Não é difícil pensar-se em amor quando o vemos escrito numa tabuleta, associado a pousada, um local onde a existência de um leito é evidente por definição e em que, ainda por cima, se evoca também a proximidade de uma praia, que se sonha idílica, pelo nome explicito e tão pouco enganador. Férias é isto mesmo, poder sonhar com aqueles instantes que mais tarde trazemos arquivados no coração, pela pureza dos momentos, pelo significado e justificação que dão à vida.
131. Beijo Familiar, aquele que os casais, que conhecem mesmo o amor, dão entre si. Aquele que o avô dá ao netinho ou que a mãe entrega ao filho. Um produto do reconhecimento, de ligações firmes e seguras. Resistente a crises, ao défice e à queda das bolsas, do crude ou do ouro, porque simplesmente não é transacionável, nem sequer pode ser avaliado pois não existe cotação que se lhe enquadre, nem há mesmo dinheiro que o possa encomendar, alugar, comprar ou de algum modo, enfim, negociar. Beijo familiar, dado por vontade, recebido por sentimento, sentido pelo sangue, concretizado pelos laços inabaláveis e fiéis que, só no seio da família, se ousam almejar e alcançar.

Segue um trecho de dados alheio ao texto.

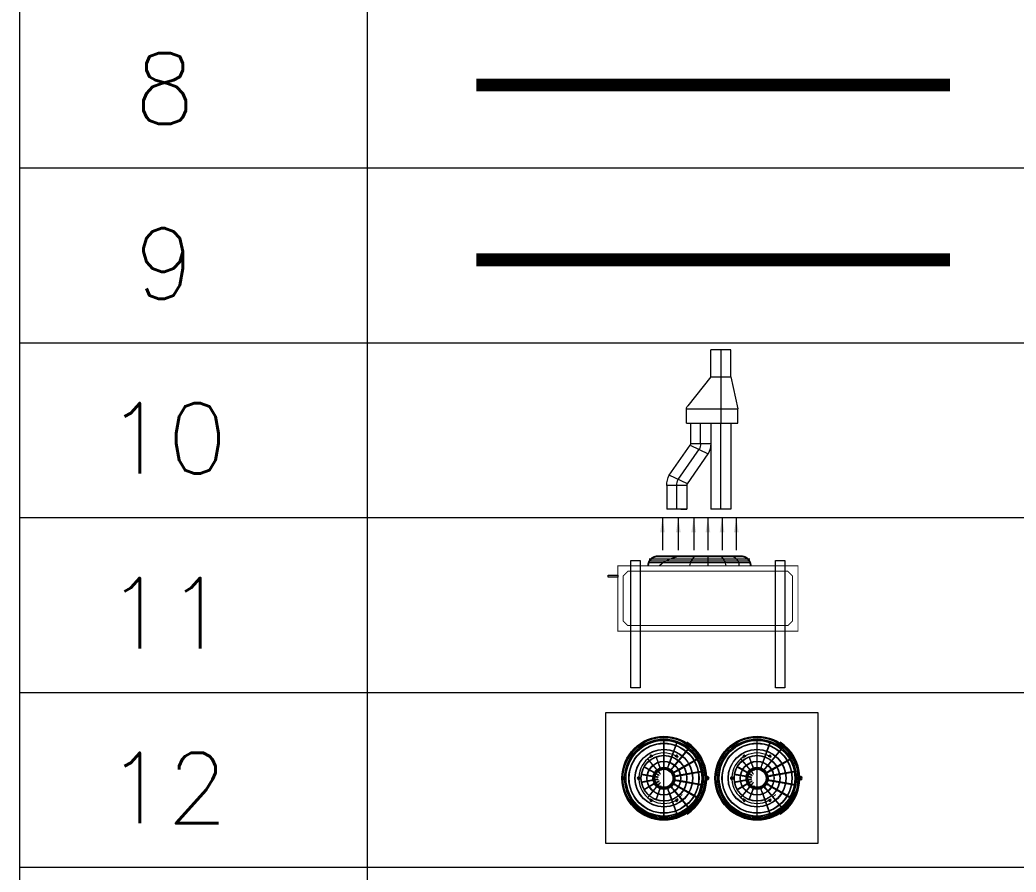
# Model space of a CAD drawing. Extents: x 3505867 to 4040009, y -660366 to -590408.
# Drawn here: x 3522476 to 3524136, y -624510 to -623090 of the extents above; entities that cross this region are included whole.
import ezdxf

# ---------------------------------------------------------------- set-up
doc = ezdxf.new("R2010")
doc.units = 0
doc.header["$LTSCALE"] = 6
doc.header["$MEASUREMENT"] = 0
doc.linetypes.add('ACAD_ISO04W100', pattern=[30, 24, -3, 0, -3])
doc.linetypes.add('CONTINU', pattern=[0])
for name, color, linetype, lineweight in [('0-1 AC VRV ODU', 232, 'CONTINUOUS', 0), ('1Y-JOINT', 1, 'CONTINUOUS', 0), ('AC CKT-8', 110, 'CONTINUOUS', 0), ('axes', 40, 'ACAD_ISO04W100', 0), ('ELE-LIGHTING WIRRING', 7, 'CONTINUOUS', 0), ('HTL-AC UNIT', 5, 'CONTINUOUS', 0), ('HTL-COPPER PIPE', 6, 'CONTINUOUS', 0), ('M-VRF- CKT', 5, 'CONTINUOUS', 0), ('MEP_HVAC_DRAIN_PIPE', 7, 'CONTINUOUS', 0), ('MEP_HVAC_VRF_COPPER_PIPE', 6, 'CONTINUOUS', 0), ('vrf', 6, 'CONTINUOUS', 0), ('VRV ODU', 30, 'CONTINUOUS', 0)]:
    doc.layers.add(name, color=color, linetype=linetype, lineweight=lineweight)
doc.styles.add('ROMANS', font='romans.shx')
doc.styles.get("Standard").update_dxf_attribs({"font": 'SIMPLEX'})
doc.dimstyles.new('AC DIM', dxfattribs={"dimtxt": 200, "dimasz": 200, "dimexe": 0.18, "dimexo": 50, "dimgap": 50, "dimtad": 1, "dimdec": 0, "dimzin": 12, "dimdsep": 46, "dimtxsty": 'ROMANS', "dimcen": 0, "dimclrt": 7, "dimadec": 0, "dimazin": 0, "dimtfac": 1, "dimtdec": 0, "dimtix": 1, "dimtofl": 0, "dimtmove": 0, "dimatfit": 3, "dimfxl": 1, "dimtolj": 1, "dimtzin": 12, "dimarcsym": 0})

# ---------------------------------------------------------------- blocks, each defined once
blk = doc.blocks.new('Y-JOINT')
at = {"layer": '1Y-JOINT', "extrusion": (7.0061e-12, -6.61628e-05, 1)}
for p, q in [((416463.1, -2646.1, 0), (416247.1, -2646.1, 0)), ((416247.1, -2646.1, 0), (416247.1, -2696.7, 0)), ((416463.1, -2757.4, 0), (416463.1, -2628.5, 0)), ((416463.1, -2628.5, 0), (416499.1, -2628.5, 0)), ((416499.1, -2757.4, 0), (416499.1, -2628.5, 0)), ((416579.1, -2646.1, 0), (416499.1, -2628.5, 0)), ((416247.1, -2671.4, 0), (416463.1, -2671.4, 0)), ((416463.1, -2696.7, 0), (416247.1, -2696.7, 0)), ((416411.9, -2747.3, 0), (416411.9, -2696.7, 0)), ((416463.1, -2696.7, 0), (416411.9, -2696.7, 0)), ((416579.1, -2696.7, 0), (416506, -2754.1, 0)), ((416310.3, -2755.2, 0), (416385.8, -2702.8, 0)), ((416408, -2748.2, 0), (416385.8, -2702.8, 0)), ((416411.9, -2722, 0), (416463.1, -2722, 0)), ((416321.4, -2777.9, 0), (416398.7, -2724.6, 0)), ((416463.1, -2747.3, 0), (416411.9, -2747.3, 0)), ((416306.4, -2756.1, 0), (416247.1, -2756.1, 0)), ((416247.1, -2771.6, 0), (416247.1, -2756.1, 0)), ((416247.1, -2756.1, 0), (416247.1, -2806.7, 0)), ((416306.4, -2756.1, 0), (416306.4, -2806.7, 0)), ((416310.3, -2755.2, 0), (416332.5, -2800.7, 0)), ((416332.5, -2800.7, 0), (416408, -2748.2, 0)), ((416463.1, -2757.4, 0), (416499.1, -2757.4, 0)), ((416247.1, -2781.4, 0), (416306.4, -2781.4, 0)), ((416306.4, -2806.7, 0), (416247.1, -2806.7, 0))]:
    blk.add_line(p, q, dxfattribs=at)
at = {"layer": '1Y-JOINT', "extrusion": (6.9964e-12, -6.61628e-05, 1)}
for p, q in [((416579.1, -2646.1, 0), (416647.1, -2646.1, 0)), ((416647.1, -2646.1, 0), (416647.1, -2696.7, 0)), ((416647.1, -2671.4, 0), (416463.1, -2671.4, 0)), ((416579.1, -2696.7, 0), (416647.1, -2696.7, 0))]:
    blk.add_line(p, q, dxfattribs=at)
at = {"layer": '1Y-JOINT'}
blk.add_line((416579.1, -2696.7, 0), (416579.1, -2646.1, 0), dxfattribs=at)
at = {"layer": '1Y-JOINT', "extrusion": (7.0061e-12, -6.61628e-05, 1)}
for centre, radius, start, end in [((416411.9, -2756.2, 0.2), 59.5, 90, 116.0671), ((416411.9, -2756.2, 0.2), 34.2, 90, 116.0671), ((416411.9, -2756.2, 0.2), 8.85, 90, 116.0671), ((416306.4, -2747.3, 0.2), 8.85, 270, 296.0671), ((416499.1, -2748.6, 0.2), 8.85, 270, 321.3789), ((416306.4, -2747.3, 0.2), 34.2, 270, 296.0671), ((416306.4, -2747.3, 0.2), 59.5, 270, 296.0671)]:
    blk.add_arc(centre, radius, start, end, dxfattribs=at)
blk = doc.blocks.new('A$C4D743431')
at = {"layer": 'AC CKT-8', "xscale": 0.933787291884793, "yscale": 0.933787291884793, "zscale": 0.933787291884793, "rotation": 359.9999939263457}
blk.add_blockref('Y-JOINT', (-389059.7, 2494.6, 0), dxfattribs=at)
blk = doc.blocks.new('G$C4406566D')
at = {"layer": 'M-VRF- CKT', "xscale": 0.8031807735897878, "yscale": 0.8031807735897878, "zscale": 0.8031807735897878, "rotation": 180}
blk.add_blockref('A$C4D743431', (-224.2, -88.8, 0), dxfattribs=at)
blk.add_blockref('A$C4D743431', (-224.2, -88.8, 0), dxfattribs=at)
blk = doc.blocks.new('G$C186CAD5F')
at = {"layer": 'vrf', "color": 3, "xscale": 8.96419313933734, "yscale": 8.96419313933734, "zscale": 8.96419313933734, "rotation": 270.0000005682937}
blk.add_blockref('G$C4406566D', (796, -2010, 0), dxfattribs=at)
blk = doc.blocks.new('F')
at = {"layer": '0-1 AC VRV ODU', "color": 8}
for p, q in [((-0.19, 12.4), (-0.19, 4.8)), ((-0.11, -9.81), (-0.11, 9.77)), ((-0.03, 4.8), (-0.03, 12.4)), ((4.06, 11.68), (1.46, 4.53)), ((1.61, 4.48), (4.21, 11.62)), ((7.81, 9.54), (2.97, 3.78)), ((-2.66, 6.84), (-1.13, 2.63)), ((-1.04, 2.66), (-2.57, 6.87)), ((3.09, 3.67), (7.93, 9.44)), ((-6.47, 3.6), (-2.59, 1.36)), ((-2.55, 1.44), (-6.43, 3.68)), ((-4.85, 5.56), (-1.97, 2.12)), ((-1.9, 2.19), (-4.78, 5.62)), ((-1.67, 4.03), (-1.51, 3.59)), ((-1.36, 3.64), (-1.52, 4.09)), ((-1.51, 3.59), (-1.38, 3.24)), ((-1.23, 3.29), (-1.36, 3.64)), ((-1.14, 3.03), (-1.2, 3.2)), ((-0.19, 4.8), (-0.19, 4.42)), ((-0.19, 4.32), (-0.19, 3.85)), ((-0.19, 3.85), (-0.19, 3.47)), ((-0.19, 3.37), (-0.19, 3.2)), ((-0.03, 4.42), (-0.03, 4.8)), ((-0.03, 3.85), (-0.03, 4.32)), ((-0.03, 3.47), (-0.03, 3.85)), ((-0.03, 3.2), (-0.03, 3.37)), ((0.97, 3.2), (0.91, 3.03)), ((1.14, 3.64), (1.01, 3.29)), ((1.3, 4.09), (1.14, 3.64)), ((1.16, 3.24), (1.28, 3.59)), ((1.28, 3.59), (1.45, 4.03)), ((1.46, 4.53), (1.33, 4.18)), ((1.48, 4.13), (1.61, 4.48)), ((2.62, 3.36), (2.37, 3.07)), ((2.5, 2.97), (2.74, 3.26)), ((2.97, 3.78), (2.68, 3.43)), ((2.8, 3.33), (3.09, 3.67)), ((10.6, 6.26), (4.08, 2.49)), ((4.16, 2.36), (10.68, 6.12)), ((-7.33, 1.21), (-2.96, 0.44)), ((-2.94, 0.53), (-7.31, 1.3)), ((-2.96, 0.44), (-2.7, 0.39)), ((-2.68, 0.48), (-2.94, 0.53)), ((-2.64, 0.38), (-2.36, 0.33)), ((-2.35, 0.42), (-2.62, 0.47)), ((-2.59, 1.36), (-2.4, 1.25)), ((-2.36, 1.33), (-2.55, 1.44)), ((-2.36, 0.33), (-2.15, 0.29)), ((-2.35, 1.22), (-2.11, 1.08)), ((-2.13, 0.38), (-2.35, 0.42)), ((-2.06, 1.16), (-2.3, 1.3)), ((-2.11, 1.08), (-1.92, 0.97)), ((-2.09, 0.28), (-1.99, 0.26)), ((-1.97, 0.36), (-2.07, 0.37)), ((-1.87, 1.05), (-2.06, 1.16)), ((-1.97, 2.12), (-1.83, 1.95)), ((-1.93, 0.25), (-1.9, 0.25)), ((-1.88, 0.34), (-1.91, 0.35)), ((-1.76, 2.02), (-1.9, 2.19)), ((-1.9, 0.25), (-1.88, 0.34)), ((-1.87, 0.94), (-1.78, 0.89)), ((-1.73, 0.97), (-1.82, 1.02)), ((-1.79, 1.91), (-1.61, 1.7)), ((-1.73, 0.86), (-1.7, 0.84)), ((-1.54, 1.76), (-1.72, 1.97)), ((-1.7, 0.84), (-1.65, 0.93)), ((-1.65, 0.93), (-1.68, 0.94)), ((-1.61, 1.7), (-1.47, 1.53)), ((-1.4, 1.59), (-1.54, 1.76)), ((-1.43, 1.48), (-1.37, 1.4)), ((-1.29, 1.46), (-1.36, 1.54)), ((-1.35, 3.14), (-1.29, 2.98)), ((-1.33, 1.36), (-1.31, 1.34)), ((-1.31, 1.34), (-1.24, 1.4)), ((-1.24, 1.4), (-1.26, 1.42)), ((-1.25, 2.88), (-1.24, 2.84)), ((-1.24, 2.84), (-1.09, 2.89)), ((-1.13, 2.63), (-1.05, 2.42)), ((-1.09, 2.89), (-1.1, 2.94)), ((-0.96, 2.46), (-1.04, 2.66)), ((-0.19, 3.1), (-0.19, 3.05)), ((-0.19, 3.05), (-0.03, 3.05)), ((-0.03, 3.05), (-0.03, 3.1)), ((0.88, 2.94), (0.86, 2.89)), ((0.86, 2.89), (1.01, 2.84)), ((1.01, 2.84), (1.03, 2.88)), ((1.06, 2.98), (1.12, 3.14)), ((1.83, 2.42), (1.8, 2.38)), ((1.8, 2.38), (1.92, 2.28)), ((2.01, 2.63), (1.89, 2.49)), ((1.92, 2.28), (1.95, 2.32)), ((2.02, 2.39), (2.13, 2.53)), ((2.37, 3.07), (2.07, 2.71)), ((2.19, 2.61), (2.5, 2.97)), ((2.55, 1.61), (2.5, 1.58)), ((2.5, 1.58), (2.58, 1.45)), ((2.58, 1.45), (2.63, 1.47)), ((2.79, 1.75), (2.63, 1.66)), ((2.71, 1.52), (2.87, 1.61)), ((3.28, 2.03), (2.87, 1.8)), ((2.94, 0.6), (2.9, 0.59)), ((2.9, 0.59), (2.92, 0.44)), ((2.92, 0.44), (2.97, 0.44)), ((2.95, 1.66), (3.36, 1.89)), ((3.22, 0.65), (3.04, 0.62)), ((3.07, 0.46), (3.24, 0.49)), ((3.61, 2.22), (3.28, 2.03)), ((3.78, 0.75), (3.31, 0.67)), ((3.34, 0.51), (3.81, 0.59)), ((3.36, 1.89), (3.69, 2.08)), ((4.08, 2.49), (3.69, 2.27)), ((3.77, 2.13), (4.16, 2.36)), ((4.15, 0.81), (3.78, 0.75)), ((3.81, 0.59), (4.18, 0.66)), ((4.69, 0.91), (4.24, 0.83)), ((4.27, 0.67), (4.71, 0.75)), ((12.1, 2.22), (4.69, 0.91)), ((4.71, 0.75), (12.13, 2.06)), ((-2.96, -0.47), (-7.33, -1.24)), ((-7.31, -1.34), (-2.94, -0.57)), ((-2.63, -1.42), (-6.47, -3.64)), ((-6.43, -3.72), (-2.58, -1.5)), ((-2, -2.2), (-4.85, -5.6)), ((-4.78, -5.66), (-1.93, -2.26)), ((-2.7, -0.43), (-2.96, -0.47)), ((-2.94, -0.57), (-2.68, -0.52)), ((-1.14, -2.71), (-2.66, -6.88)), ((-2.36, -0.37), (-2.64, -0.42)), ((-2.4, -1.29), (-2.63, -1.42)), ((-2.62, -0.51), (-2.35, -0.46)), ((-2.58, -1.5), (-2.35, -1.37)), ((-2.57, -6.91), (-1.05, -2.74)), ((-2.15, -0.33), (-2.36, -0.37)), ((-2.35, -0.46), (-2.13, -0.42)), ((-2.11, -1.12), (-2.35, -1.26)), ((-2.3, -1.34), (-2.06, -1.2)), ((-1.92, -1.01), (-2.11, -1.12)), ((-1.99, -0.3), (-2.09, -0.32)), ((-2.07, -0.41), (-1.97, -0.39)), ((-2.06, -1.2), (-1.87, -1.09)), ((-1.83, -1.99), (-2, -2.2)), ((-1.9, -0.29), (-1.93, -0.29)), ((-1.93, -2.26), (-1.76, -2.05)), ((-1.91, -0.38), (-1.88, -0.38)), ((-1.88, -0.38), (-1.9, -0.29)), ((-1.78, -0.93), (-1.87, -0.98)), ((-1.82, -1.06), (-1.73, -1.01)), ((-1.61, -1.73), (-1.79, -1.95)), ((-1.7, -0.88), (-1.73, -0.9)), ((-1.72, -2.01), (-1.54, -1.79)), ((-1.65, -0.96), (-1.7, -0.88)), ((-1.68, -0.98), (-1.65, -0.96)), ((-1.47, -1.57), (-1.61, -1.73)), ((-1.54, -1.79), (-1.4, -1.63)), ((-1.37, -1.44), (-1.43, -1.52)), ((-1.36, -1.58), (-1.29, -1.5)), ((-1.29, -3.01), (-1.35, -3.18)), ((-1.31, -1.37), (-1.33, -1.4)), ((-1.24, -1.43), (-1.31, -1.37)), ((-1.26, -1.46), (-1.24, -1.43)), ((-1.24, -2.87), (-1.25, -2.92)), ((-1.09, -2.93), (-1.24, -2.87)), ((-1.2, -3.23), (-1.14, -3.07)), ((-1.05, -2.46), (-1.14, -2.71)), ((-1.1, -2.97), (-1.09, -2.93)), ((-1.05, -2.74), (-0.96, -2.49)), ((-0.19, -3.09), (-0.19, -3.14)), ((-0.03, -3.09), (-0.19, -3.09)), ((-0.03, -3.14), (-0.03, -3.09)), ((1.01, -2.87), (0.86, -2.93)), ((0.86, -2.93), (0.88, -2.97)), ((0.91, -3.07), (0.97, -3.23)), ((1.03, -2.92), (1.01, -2.87)), ((1.12, -3.18), (1.06, -3.01)), ((1.92, -2.32), (1.8, -2.42)), ((1.8, -2.42), (1.83, -2.46)), ((1.89, -2.53), (2.01, -2.67)), ((1.95, -2.36), (1.92, -2.32)), ((2.13, -2.57), (2.02, -2.43)), ((2.07, -2.75), (2.38, -3.11)), ((2.5, -3), (2.19, -2.64)), ((2.38, -3.11), (2.62, -3.39)), ((2.58, -1.48), (2.5, -1.62)), ((2.5, -1.62), (2.55, -1.65)), ((2.74, -3.29), (2.5, -3)), ((2.63, -1.51), (2.58, -1.48)), ((2.63, -1.7), (2.79, -1.78)), ((2.87, -1.65), (2.71, -1.56)), ((2.87, -1.83), (3.28, -2.07)), ((2.92, -0.47), (2.9, -0.63)), ((2.9, -0.63), (2.94, -0.64)), ((2.97, -0.48), (2.92, -0.47)), ((3.36, -1.93), (2.95, -1.7)), ((3.04, -0.66), (3.22, -0.69)), ((3.24, -0.53), (3.07, -0.5)), ((3.28, -2.07), (3.61, -2.26)), ((3.31, -0.7), (3.78, -0.79)), ((3.8, -0.63), (3.34, -0.55)), ((3.69, -2.12), (3.36, -1.93)), ((3.69, -2.31), (4.08, -2.53)), ((4.16, -2.39), (3.77, -2.17)), ((3.78, -0.79), (4.15, -0.85)), ((4.18, -0.69), (3.8, -0.63)), ((4.08, -2.53), (10.6, -6.3)), ((10.68, -6.16), (4.16, -2.39)), ((4.25, -0.87), (4.69, -0.95)), ((4.71, -0.79), (4.27, -0.71)), ((4.69, -0.95), (12.1, -2.25)), ((12.13, -2.1), (4.71, -0.79)), ((-1.51, -3.62), (-1.67, -4.07)), ((-1.52, -4.12), (-1.36, -3.68)), ((-1.38, -3.27), (-1.51, -3.62)), ((-1.36, -3.68), (-1.23, -3.33)), ((-0.19, -3.23), (-0.19, -3.41)), ((-0.19, -3.51), (-0.19, -3.98)), ((-0.19, -3.98), (-0.19, -4.36)), ((-0.19, -4.46), (-0.19, -4.91)), ((-0.19, -4.91), (-0.19, -12.44)), ((-0.03, -3.41), (-0.03, -3.23)), ((-0.03, -3.98), (-0.03, -3.51)), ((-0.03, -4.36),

115. Beijo Épico, dado na força e na garra da glória de conquistar por fim a derme acetinada da dama desejada. Felizes lábios se abrindo em gozo último por alcançarem o triunfo na plenitude desse ser para quem se tinham reservado. Canta-se, na emoção do instante, músicas de vitória ou de conquista que depois, perante a sonhada criatura, perdem significado ou importância, uma vez que do outro lado a entrega é plena, desejada e até apetecida. Afinal só ela sabe como ansiou uma eternidade para poder sentir tal sensação. Beijo épico, inventado nos corredores labirínticos do amor, forjado por ambos, moldado na brasa rubra das paixões, no linimento dos sentidos, rumo ao Evereste da glória final.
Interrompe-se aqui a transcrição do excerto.